祖母が亡くなってから葬儀までの約1週間、食事はすべて出来合いやお弁当ばかりだった。
我が家の台所仕事はほぼ全て魔女が担っているといっても過言ではないし、彼女は家族のなかでも相当参っていたので、無理もない。
誰が一番つらいとか、そういう話ではないけれど。
ただただ、祖母をどれだけ探したってもうどこにもいないという事実が、ずうっと後ろをついてきて離れてくれない。
しかし、やらなければいけないことは次から次へとやってくる。
作業に追われて案外日常を慌ただしく過ごしていた中。お通夜が終わった夜に、魔女がぽつりと呟いた。
「筑前煮、食べたいね」
夜の冷えたキッチンに、魔女とふたりで立って、包丁を握った。
筑前煮は手間のかかる料理だ。何より下準備に時間がかかるし、そこがミソといってもいいだろう。
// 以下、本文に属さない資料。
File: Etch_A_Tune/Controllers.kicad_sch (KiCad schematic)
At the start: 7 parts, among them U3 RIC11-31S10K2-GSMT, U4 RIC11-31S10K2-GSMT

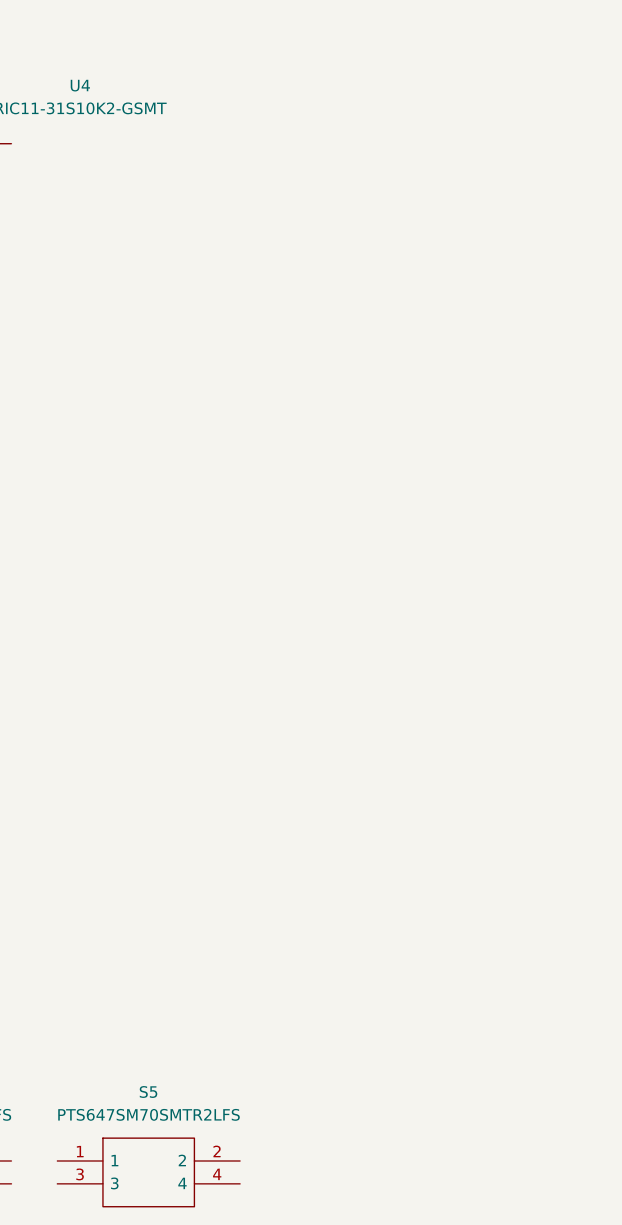
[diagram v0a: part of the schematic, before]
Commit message: Updated schematic and preliminary PCB doc
did rough PCB layout
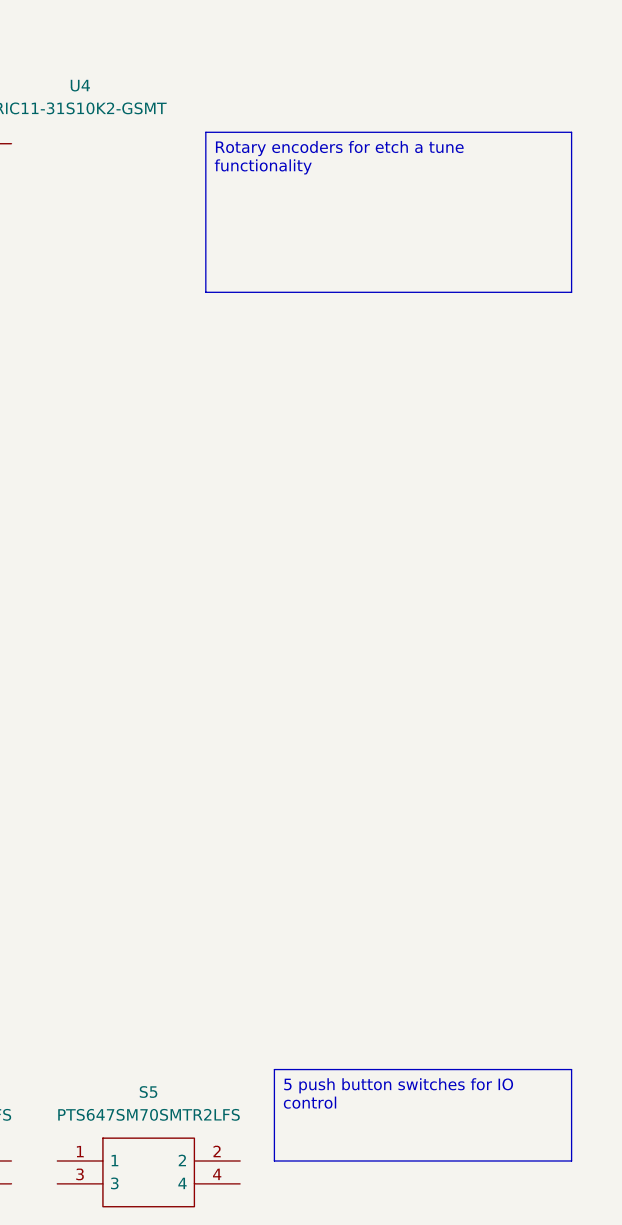
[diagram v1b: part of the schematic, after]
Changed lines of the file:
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@@
 	(generator_version "9.0")
 	(paper "A4")
+	(text_box "5 push button switches for IO control\n"
+		(exclude_from_sim no)
+		(at 195.58 144.78 0)
+		(size 33.02 10.16)
+		(margins 0.9525 0.9525 0.9525 0.9525)
+		(stroke
+			(width 0)
+			(type solid)
+		)
+		(fill
+			(type none)
+		)
+		(effects
+			(font
+				(size 1.27 1.27)
+			)
+			(justify left top)
+		)
+	)
+	(text_box "Rotary encoders for etch a tune functionality"
+		(exclude_from_sim no)
+		(at 187.96 40.64 0)
+		(size 40.64 17.78)
+		(margins 0.9525 0.9525 0.9525 0.9525)
+		(stroke
+			(width 0)
+			(type solid)
+		)
+		(fill
+			(type none)
+		)
+		(effects
+			(font
+				(size 1.27 1.27)
+			)
+			(justify left top)
+		)
+	)
 	(hierarchical_label "SW4"
 		(shape input)

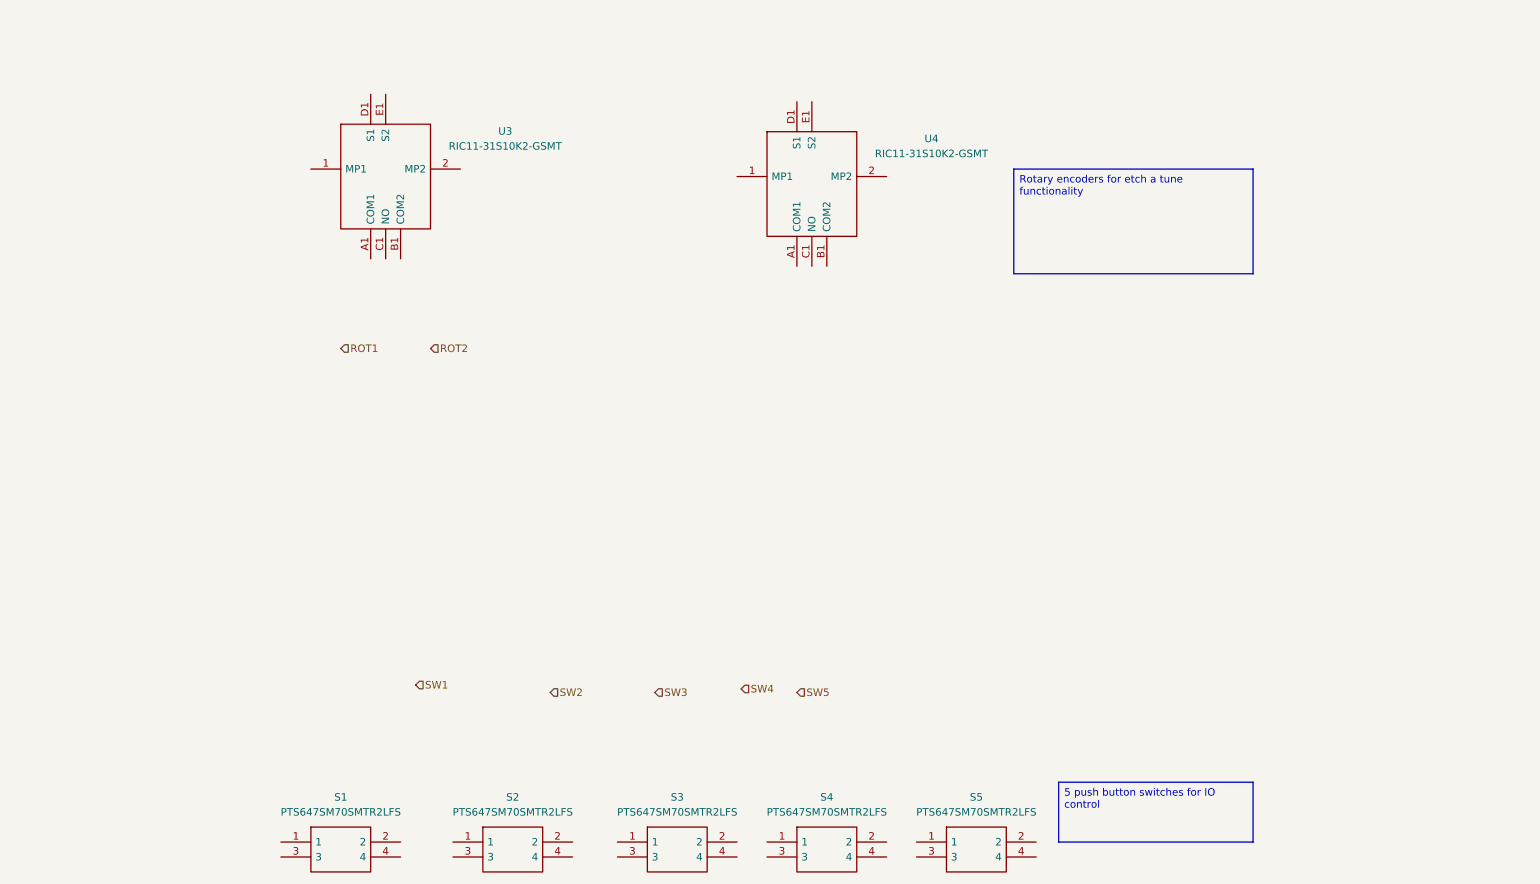
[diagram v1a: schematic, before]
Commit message: Schematic Update
Fixed component Footprints and added new switches/rotary encoders. Wired and placed bypass capacitors for most devices. Removed 5V boost converter because external DAC is no longer being utilized. Placed uC onto board design and implemented charging through USB-C connector.
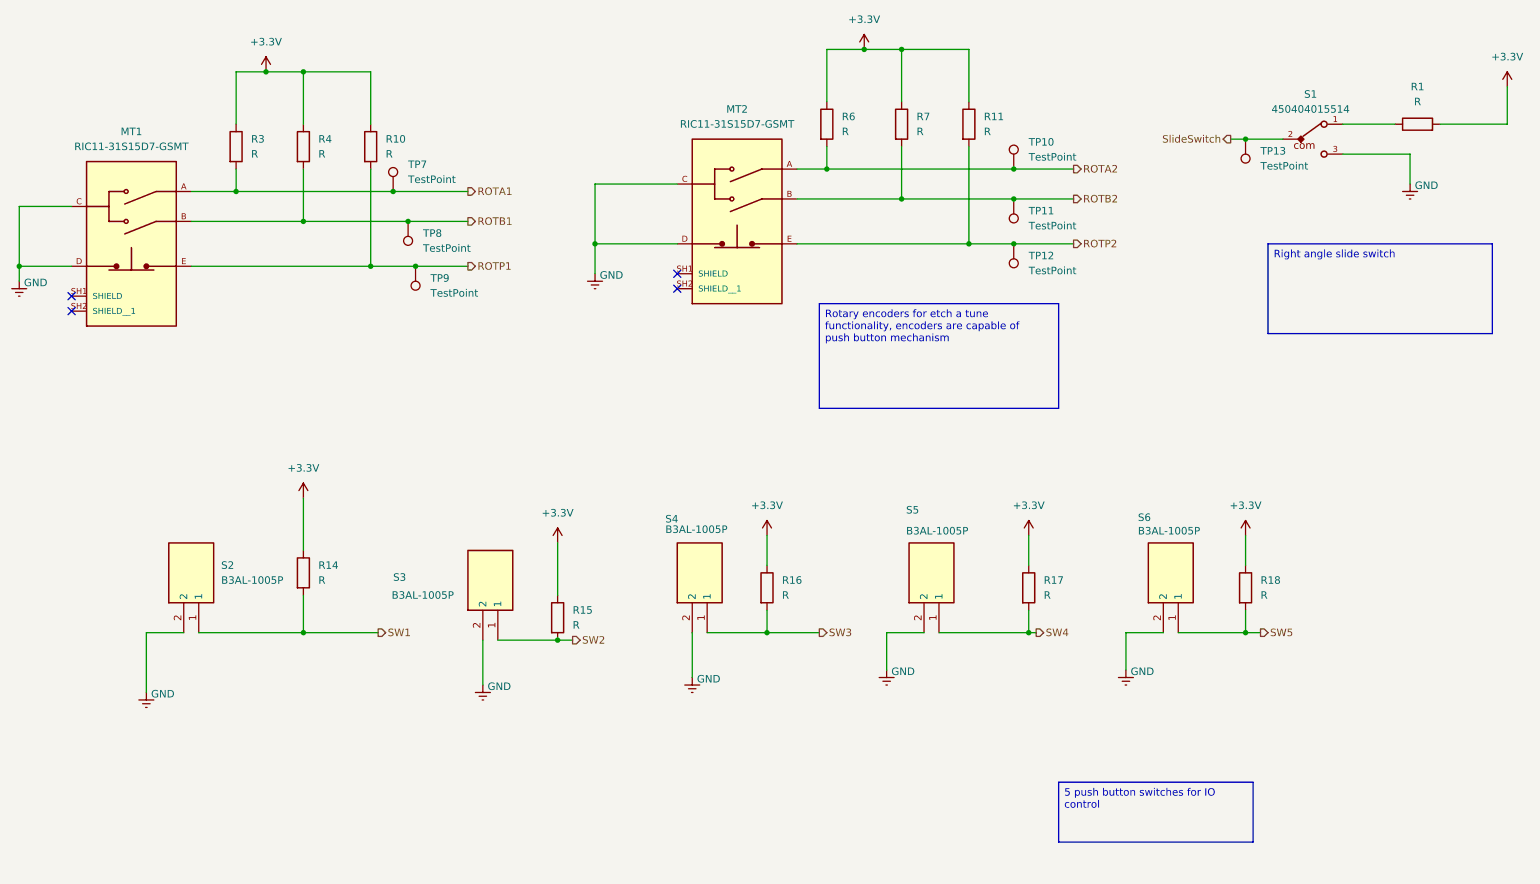
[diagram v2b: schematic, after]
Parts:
- removed S1, S2, S3, S4, S5: PTS647SM70SMTR2LFS, PTS647SM38SMTR2LFS, symbol SamacSys_Parts:PTS647SM70SMTR2LFS
- removed U3, U4: RIC11-31S10K2-GSMT, RIC1131S10K2GSMT, symbol SamacSys_Parts:RIC11-31S10K2-GSMT
- added MT1, MT2: RIC11-31S15D7-GSMT, BQ25170DSGR:XDCR_RIC11-31S15D7-GSMT, symbol RIC11-31S15D7-GSMT:RIC11-31S15D7-GSMT
- added R1, R10, R11, R14, R15, R16, R17, R18, R3, R4, R6, R7: R, symbol Device:R
- added S1: 450404015514, BQ25170DSGR:450404015514, symbol 450404015514:450404015514
- added S2, S3, S4, S5, S6: B3AL-1005P, BQ25170DSGR:B3AL1005P, symbol B3AL-1005P:B3AL-1005P
- added TP10, TP11, TP12, TP13, TP7, TP8, TP9: TestPoint, TestPoint:TestPoint_Pad_D1.0mm, symbol Connector:TestPoint
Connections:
- net SW1: now also R14.2, S2.1
- net SW2: now also R15.2, S3.1
- net SW3: now also R16.2, S4.1
- net SW4: now also R17.2, S5.1
- net SW5: now also R18.2, S6.1
- new net: R1.1, S1.1
- new net +3.3V: R1.2, R10.1, R11.1, R14.1, R15.1, R16.1, R17.1, R18.1, R3.1, R4.1, R6.1, R7.1
- new net GND: MT1.C, MT1.D, MT2.C, MT2.D, S1.3, S2.2, S3.2, S4.2, S5.2, S6.2
- new net ROTA1: MT1.A, R3.2, TP7.1
- new net ROTA2: MT2.A, R6.2, TP10.1
- new net ROTB1: MT1.B, R4.2, TP8.1
- new net ROTB2: MT2.B, R7.2, TP11.1
- new net ROTP1: MT1.E, R10.2, TP9.1
- new net ROTP2: MT2.E, R11.2, TP12.1
- new net SlideSwitch: S1.2, TP13.1
- no-connect marks 0 -> 4

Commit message: Etch A Tune V.02
Updated more foot prints and components onto bom, specifically SWD debug header and 1x14 pin header for touch and screen module. Added 4pin header for SD card reader.
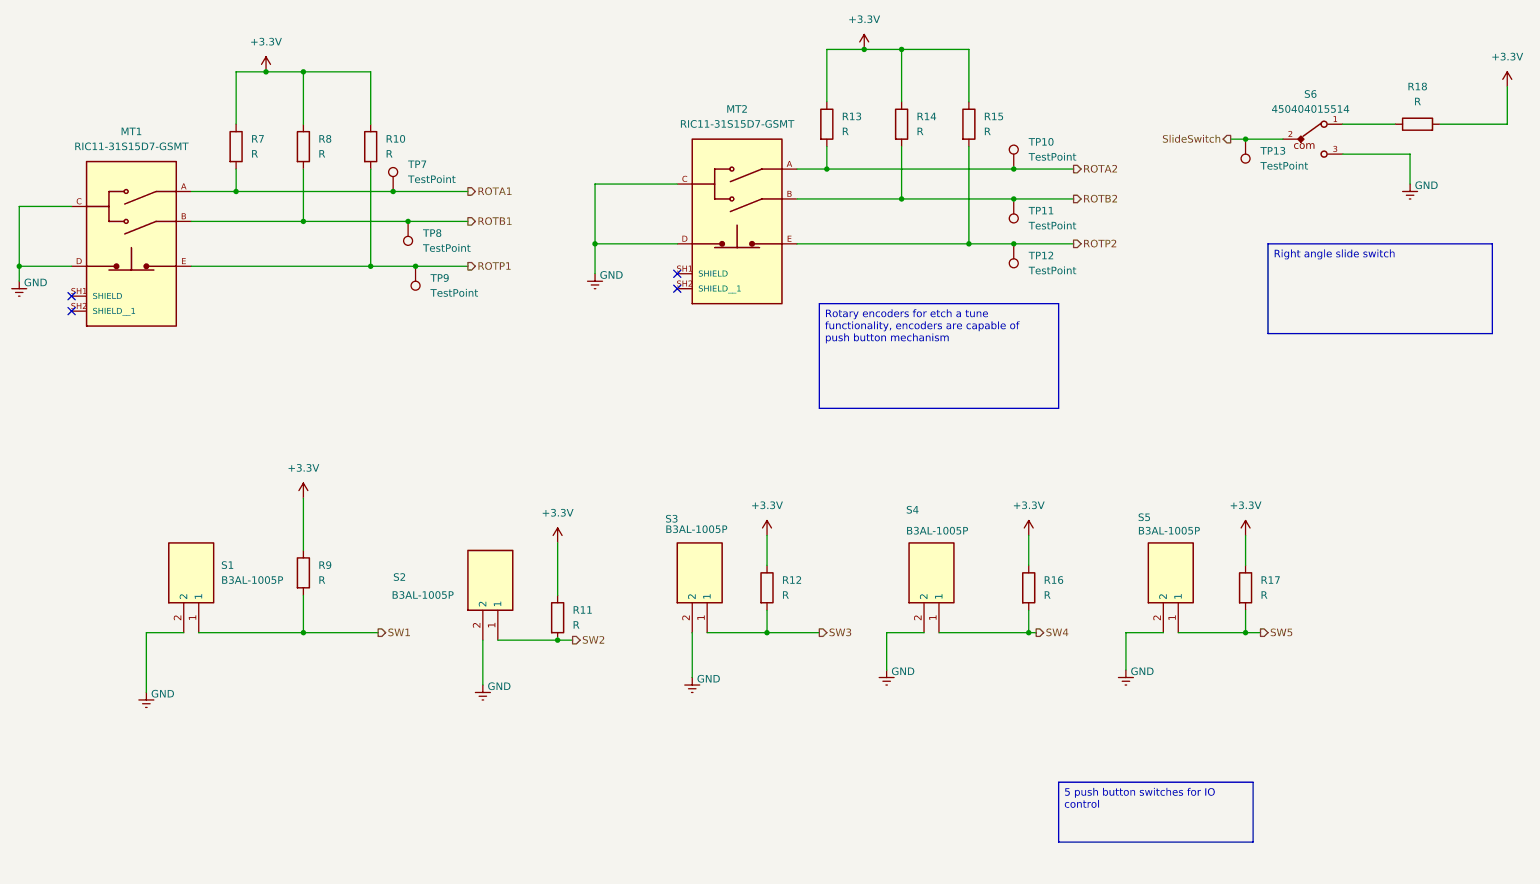
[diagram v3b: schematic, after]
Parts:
- renumbered R15 to R11, R16 to R12, R6 to R13, R7 to R14, R11 to R15, R17 to R16, R18 to R17, R1 to R18, R3 to R7, R4 to R8, R14 to R9, S2 to S1, S3 to S2, S4 to S3, S5 to S4, S6 to S5, S1 to S6

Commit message: Updated parallel power supply
Updated USB and battery operation and added DAC output
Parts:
- added TP14, TP15: TestPoint, TestPoint:TestPoint_Pad_D1.0mm, symbol Connector:TestPoint
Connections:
- net SW1: now also TP14.1
- net SW2: now also TP15.1
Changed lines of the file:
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@@
 	)
 	(junction
+		(at 72.39 119.38)
+		(diameter 0)
+		(color 0 0 0 0)
+	)
+	(junction
 		(at 19.05 57.15)
 		(diameter 0)
@@
 	)
 	(junction
+		(at 119.38 120.65)
+		(diameter 0)
+		(color 0 0 0 0)
+	)
+	(junction
 		(at 180.34 53.34)
 		(diameter 0)
@@
 	(wire
 		(pts
-			(xy 67.31 119.38) (xy 80.01 119.38)
+			(xy 67.31 119.38) (xy 72.39 119.38)
 		)
 		(stroke
@@
 	(wire
 		(pts
+			(xy 72.39 119.38) (xy 80.01 119.38)
+		)
+		(stroke
+			(width 0)
+			(type default)
+		)
+	)
+	(wire
+		(pts
 			(xy 227.33 107.95) (xy 227.33 102.87)
 		)
@@
 	(wire
 		(pts
+			(xy 119.38 120.65) (xy 121.92 120.65)
+		)
+		(stroke
+			(width 0)
+			(type default)
+		)
+	)
+	(wire
+		(pts
 			(xy 82.55 44.45) (xy 95.25 44.45)
 		)
@@
 	(wire
 		(pts
-			(xy 110.49 120.65) (xy 113.03 120.65)
+			(xy 110.49 120.65) (xy 119.38 120.65)
 		)
 		(stroke
@@
 	(hierarchical_label "SW2"
 		(shape output)
-		(at 113.03 120.65 0)
+		(at 121.92 120.65 0)
 		(effects
 			(font
@@
 	)
 	(symbol
+		(lib_id "Connector:TestPoint")
+		(at 119.38 120.65 0)
+		(mirror y)
+		(unit 1)
+		(exclude_from_sim no)
+		(in_bom yes)
+		(on_board yes)
+		(dnp no)
+		(property "Reference" "TP15"
+			(at 121.92 118.6181 0)
+			(effects
+				(font
+					(size 1.27 1.27)
+				)
+				(justify right)
+			)
+		)
+		(property "Value" "TestPoint"
+			(at 121.92 116.0781 0)
+			(effects
+				(font
+					(size 1.27 1.27)
+				)
+				(justify right)
+			)
+		)
+		(property "Footprint" "TestPoint:TestPoint_Pad_D1.0mm"
+			(at 114.3 120.65 0)
+			(effects
+				(font
+					(size 1.27 1.27)
+				)
+				(hide yes)
+			)
+		)
+		(property "Datasheet" "~"
+			(at 114.3 120.65 0)
+			(effects
+				(font
+					(size 1.27 1.27)
+				)
+				(hide yes)
+			)
+		)
+		(property "Description" "test point"
+			(at 119.38 120.65 0)
+			(effects
+				(font
+					(size 1.27 1.27)
+				)
+				(hide yes)
+			)
+		)
+		(pin "1"
+		)
+		(instances
+			(project "Etch_A_Tune"
+				(path "/b4cdadf2-c4fe-48fe-ba6a-e15d1cad03b2/85ce9e3c-81ec-4c89-ba57-7d8ff70f58fc"
+					(reference "TP15")
+					(unit 1)
+				)
+			)
+		)
+	)
+	(symbol
 		(lib_id "power:+3.3V")
 		(at 271.78 26.67 0)
@@
 					(unit 1)
 				)
+			)
+		)
+	)
+	(symbol
+		(lib_id "Connector:TestPoint")
+		(at 72.39 119.38 0)
+		(mirror y)
+		(unit 1)
+		(exclude_from_sim no)
+		(in_bom yes)
+		(on_board yes)
+		(dnp no)
+		(property "Reference" "TP14"
+			(at 74.93 117.3481 0)
+			(effects
+				(font
+					(size 1.27 1.27)
+				)
+				(justify right)
+			)
+		)
+		(property "Value" "TestPoint"
+			(at 74.93 114.8081 0)
+			(effects
+				(font
+					(size 1.27 1.27)
+				)
+				(justify right)
+			)
+		)
+		(property "Footprint" "TestPoint:TestPoint_Pad_D1.0mm"
+			(at 67.31 119.38 0)
+			(effects
+				(font
+					(size 1.27 1.27)
+				)
+				(hide yes)
+			)
+		)
+		(property "Datasheet" "~"
+			(at 67.31 119.38 0)
+			(effects
+				(font
+					(size 1.27 1.27)
+				)
+				(hide yes)
+			)
+		)
+		(property "Description" "test point"
+			(at 72.39 119.38 0)
+			(effects
+				(font
+					(size 1.27 1.27)
+				)
+				(hide yes)
+			)
+		)
+		(pin "1"
+		)
+		(instances
+			(project "Etch_A_Tune"
+				(path "/b4cdadf2-c4fe-48fe-ba6a-e15d1cad03b2/85ce9e3c-81ec-4c89-ba57-7d8ff70f58fc"
+					(reference "TP14")
+					(unit 1)
+				)

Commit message: Final Layout before routing
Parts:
- R10, R11, R12, R13, R14, R15, R16, R17, R18, R7, R8, R9: value R -> 10k; footprint (none) -> Resistor_SMD:R_0603_1608Metric
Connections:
- net +3.3V: now also R18.1; no longer R18.2
- net at S6.1: now also R18.2; no longer R18.1

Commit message: Another Update! :D
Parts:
- renumbered R7 to R25, R8 to R26, R9 to R27, R10 to R28, R11 to R29, R12 to R30, R13 to R31, R14 to R32, R15 to R33, R16 to R34, R17 to R35, R18 to R36, TP14 to TP30, TP7 to TP31, TP8 to TP32, TP9 to TP33, TP15 to TP34, TP10 to TP35, TP11 to TP36, TP12 to TP37, TP13 to TP38

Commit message: pdf docs
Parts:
- renumbered R28 to R10, R29 to R11, R30 to R12, R31 to R13, R32 to R14, R33 to R15, R34 to R16, R35 to R17, R36 to R18, R25 to R7, R26 to R8, R27 to R9, TP35 to TP10, TP36 to TP11, TP37 to TP12, TP38 to TP13, TP30 to TP14, TP34 to TP15, TP31 to TP7, TP32 to TP8, TP33 to TP9

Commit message: Updated BOM
Changed Values for an accurate BOM, and exported results
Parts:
- MT1, MT2: DIGIKEY-PURCHASE-URL (none) -> https://www.digikey.com/short/wwz34c7b; Dist (none) -> Digikey; Dist Part Number (none) -> 2223-RIC11-31S15D7-GSMT-ND; Manufacturer_Name (none) -> Same Sky (Formerly CUI Devices); Manufacturer_Part_Number (none) -> RIC11-31S15D7-GSMT; Price (none) -> $2.14
- R10, R11, R12, R13, R14, R15, R16, R17, R18, R7, R8, R9: DIGIKEY-PURCHASE-URL (none) -> https://www.digikey.com/short/m3dw570p; Dist (none) -> Digikey; Dist Part Number (none) -> 311-10.0KHRCT-ND; Manufacturer_Name (none) -> YAGEO; Manufacturer_Part_Number (none) -> RC0603FR-0710KL; Price (none) -> $0.10
- S1, S2, S3, S4, S5: DIGIKEY-PURCHASE-URL (none) -> https://www.digikey.com/short/bf0nw4cm; Dist (none) -> Digikey; Dist Part Number (none) -> Z7816CT-ND; Price (none) -> $1.53
- S6: DIGIKEY-PURCHASE-URL (none) -> https://www.digikey.com/short/1n58hc8b; Dist (none) -> Digikey; Dist Part Number (none) -> 732-13665-1-ND; Manufacturer_Name (none) -> Würth Elektronik; Manufacturer_Part_Number (none) -> 450404015514; Price (none) -> $0.80
- TP10, TP11, TP12, TP13, TP14, TP15, TP7, TP8, TP9: Dist (none) -> Digikey; now left out of the parts list

野菜を切って面取りをして、蒟蒻や八つ頭を下茹でして、味が染み込みやすいように切り込みを入れていく。
ひとつひとつの工程を丁寧になぞっていく作業は楽しかった。
ちょうどいい具合に頭と心が空っぽになって、飽和したかなしみでぶよぶよに溶けていた思考を、少しだけまともに戻してくれた。
「ママがね、意識があるときに最後に食べたの、私がつくった筑前煮だったんだよねぇ」
魔女は祖母のことを『ママ』と呼んだ。私も魔女も、とうとうふたり揃って母親を亡くしてしまった。
「あんたのつくったものが一番おいしい、って言っててねぇ」
ママの筑前煮、食べたいねぇ。
なんでもないことのように言った魔女の声が、一番心に突き刺さった。
料理上手だった祖母の味は、脈々と魔女に受け継がれている。
魔女や母や祖父の血と体をつくり、めぐりめぐって私の体に回ってきた、やさしいごはん。
ああ、私たちは、あの人のつくったものを、もう二度とは食べられないのだ。
出来上がった大量の筑前煮はあたたかくてやさしい味がして、お弁当続きの体にじんわりと染み渡ったが、魔女としてはいまいちの出来だったらしい。何度も首を傾げていた。
真夜中のキッチンでふたり、他愛もない話をして、食べて笑って、時々泣いた。
いまでも日常のふとした瞬間、流れていく時間のなかで思い出す。
タイヤのゴムが高く鳴く音。
車椅子の鉄の匂い。
歯に衣着せぬ物言い。
大きな真珠のイヤリング。
シニカルな笑顔。
赤縁のメガネ。
真夜中の筑前煮。
あの人のつくる、やさしい料理。
思えば祖母は、あの魔女の料理の師匠なのだ。
そうなると、彼女は大魔女といったところか。
私もいつか、あんなにおいしくてやさしい料理がつくれるようになる日が来るのだろうか。
大魔女と魔女のごはんで出来た体で、今日もわたしは明日へと歩く。